SMYD3 augments hypoxia signaling. A, quantitative real-time PCR (qPCR) analysis of mRNA levels of indicated lysine methyltransferase genes and hypoxia signaling target genes in HEK293T cells under normoxia (21% O₂) or hypoxia (1% O₂) for 24 h. B–D, qPCR analysis of GLUT1 (B), PGK1 (C), and VEGF (D) mRNA in HEK293T cells transfected with or without pCMV-SMYD3 under normoxia (21% O₂) or hypoxia (1% O₂) for 24 h. E–G, qPCR analysis of GLUT1 (E), PDK1 (F), and BNIP3 (G) mRNA in HEK293T cells transfected with or without pCMV-SMYD3 and treated with DFX (150 μM) or DMSO as a control for 8 h. H–J, qPCR analysis of GLUT1 (H), PGK1 (I), and BNIP3 (J) mRNA in HEK293T cells transfected with or without pCMV-SMYD3 and treated with or without CoCl₂ (200 μM) for 8 h. EV, pCMV empty vector (control). Data show mean ± SD; Student’s two-tailed t test. ∗p < 0.05, ∗∗p < 0.01, ∗∗∗p < 0.001, ∗∗∗∗p < 0.0001. Data from three independent experiments.

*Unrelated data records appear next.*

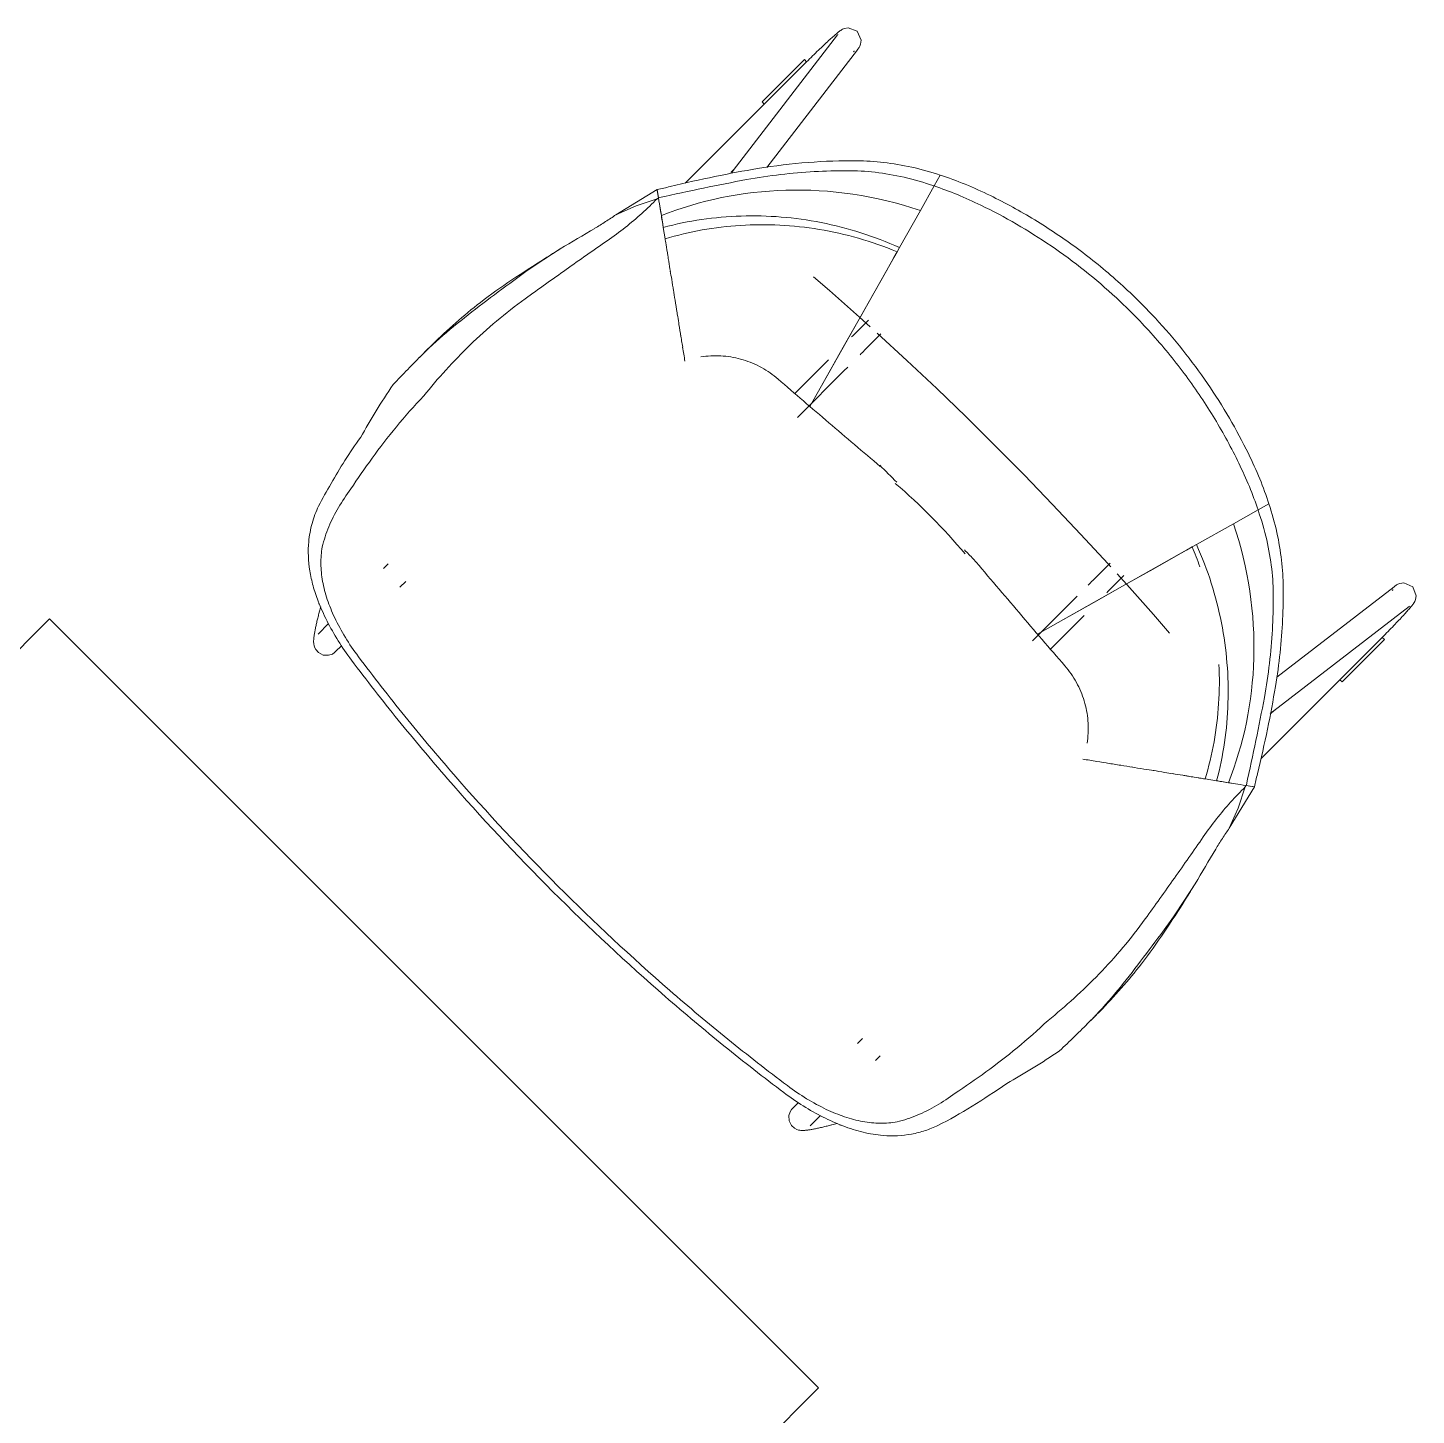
# Model space of a CAD drawing. Header units: millimetres. Extents: x 155927 to 317870, y -36033 to 97293.
# Drawn here: x 193011 to 193905, y 25931 to 26824 of the extents above; entities that cross this region are included whole.
import ezdxf

# ---------------------------------------------------------------- set-up
doc = ezdxf.new("R2010")
doc.units = ezdxf.units.MM
doc.header["$MEASUREMENT"] = 0
doc.layers.add('I-FURN', color=8, linetype='CONTINUOUS', lineweight=9)

msp = doc.modelspace()

# ---------------------------------------------------------------- linework, layer by layer
at = {"layer": 'I-FURN'}
for p, q in [((193531.78, 26820.12), (193531.28, 26819.7)), ((193532.26, 26820.51), (193531.78, 26820.12)), ((193532.71, 26820.87), (193532.26, 26820.51)), ((193533.16, 26821.22), (193532.71, 26820.87)), ((193533.6, 26821.55), (193533.16, 26821.22)), ((193534.07, 26821.87), (193533.6, 26821.55)), ((193534.6, 26822.22), (193534.07, 26821.87)), ((193535.3, 26822.61), (193534.6, 26822.22)), ((193536.45, 26823.1), (193535.3, 26822.61)), ((193538.96, 26823.57), (193536.45, 26823.1)), ((193544.62, 26821.48), (193538.96, 26823.57)), ((193544.62, 26821.48), (193547.26, 26815.65)), ((193532.11, 26819.07), (193464.9, 26731.81)), ((193522.35, 26811.57), (193521.49, 26810.76)), ((193523.19, 26812.36), (193522.35, 26811.57)), ((193524, 26813.13), (193523.19, 26812.36)), ((193524.8, 26813.87), (193524, 26813.13)), ((193525.56, 26814.59), (193524.8, 26813.87)), ((193526.31, 26815.27), (193525.56, 26814.59)), ((193527.03, 26815.93), (193526.31, 26815.27)), ((193527.72, 26816.56), (193527.03, 26815.93)), ((193528.38, 26817.16), (193527.72, 26816.56)), ((193529.02, 26817.73), (193528.38, 26817.16)), ((193529.63, 26818.27), (193529.02, 26817.73)), ((193530.21, 26818.78), (193529.63, 26818.27)), ((193530.76, 26819.25), (193530.21, 26818.78)), ((193531.28, 26819.7), (193530.76, 26819.25)), ((193532.15, 26819.12), (193532.11, 26819.07)), ((193532.27, 26819.27), (193532.15, 26819.12)), ((193532.31, 26819.33), (193532.27, 26819.27)), ((193545.95, 26810.96), (193545.6, 26810.42)), ((193546.35, 26811.69), (193545.95, 26810.96)), ((193546.85, 26812.91), (193546.35, 26811.69)), ((193547.26, 26815.65), (193546.85, 26812.91)), ((193510.74, 26803.14), (193483.48, 26775.87)), ((193486.55, 26733.69), (193544.79, 26809.3)), ((193510.79, 26803.09), (193512.15, 26801.72)), ((193513.06, 26802.6), (193512.07, 26801.62)), ((193514.04, 26803.56), (193513.06, 26802.6)), ((193515.02, 26804.52), (193514.04, 26803.56)), ((193515.98, 26805.46), (193515.02, 26804.52)), ((193516.94, 26806.38), (193515.98, 26805.46)), ((193517.88, 26807.29), (193516.94, 26806.38)), ((193518.8, 26808.19), (193517.88, 26807.29)), ((193519.72, 26809.07), (193518.8, 26808.19)), ((193520.61, 26809.92), (193519.72, 26809.07)), ((193521.49, 26810.76), (193520.61, 26809.92)), ((193542.59, 26808.28), (193542.3, 26808.05)), ((193542.81, 26808.46), (193542.59, 26808.28)), ((193542.97, 26808.57), (193542.81, 26808.46)), ((193544.95, 26809.51), (193544.79, 26809.3)), ((193545.27, 26809.95), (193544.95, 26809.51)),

Loss of SMYD3 diminishes hypoxia signaling. A, immunoblotting of indicated proteins in SMYD3-deficient or wildtype HEK293T cells (SMYD3^−/− or SMYD3^+/+). B and C, qPCR analysis of GLUT1 (B) and PGK1 (C) mRNA in SMYD3-deficient or wildtype HEK293T cells (SMYD3^−/− or SMYD3^+/+) under normoxia (21% O₂) or hypoxia (1% O₂) for 24 h. Data show mean ± SD; Student’s two-tailed t test. ∗p < 0.05, ∗∗p < 0.01. Data from three independent experiments. D–F, qPCR analysis of GLUT1 (D), PDK1 (E), and BNIP3 (F) mRNA in SMYD3-deficient or wildtype HEK293T cells (SMYD3^−/− or SMYD3^+/+) treated with or without CoCl₂ (200 μM) for 8 h. Data show mean ± SD; Student’s two-tailed t test. ∗∗p < 0.01, ∗∗∗∗p < 0.0001. Data from three independent experiments. G, immunoblotting of indicated proteins in Smyd3-deficient or wildtype MEF cells (Smyd3^−/− or Smyd3^+/+). H and I, qPCR analysis of Glut1 (H) and Pgk1 (I) mRNA in Smyd3-deficient or wildtype MEF cells (Smyd3^−/− or Smyd3^+/+) under normoxia (21% O₂) or hypoxia (1% O₂) for 24 h. Data show mean ± SD; Student’s two-tailed t test. ∗∗∗p < 0.001. Data from three independent experiments. J, immunoblotting of indicated proteins in Smyd3-deficient MEF cells reconstituted with or without wildtype Smyd3 by lentivirus. K and L, qPCR analysis of Pgk1 (K) and Vegf (L) mRNA in Smyd3-deficient MEF cells reconstituted with or without wildtype Smyd3 by lentivirus under normoxia (21% O₂) or hypoxia (1% O₂) for 24 h. Data show mean ± SD; Student’s two-tailed t test. ∗p < 0.05. Data from three independent experiments. qPCR, quantitative RT–PCR; MEF, mouse embryonic fibroblast.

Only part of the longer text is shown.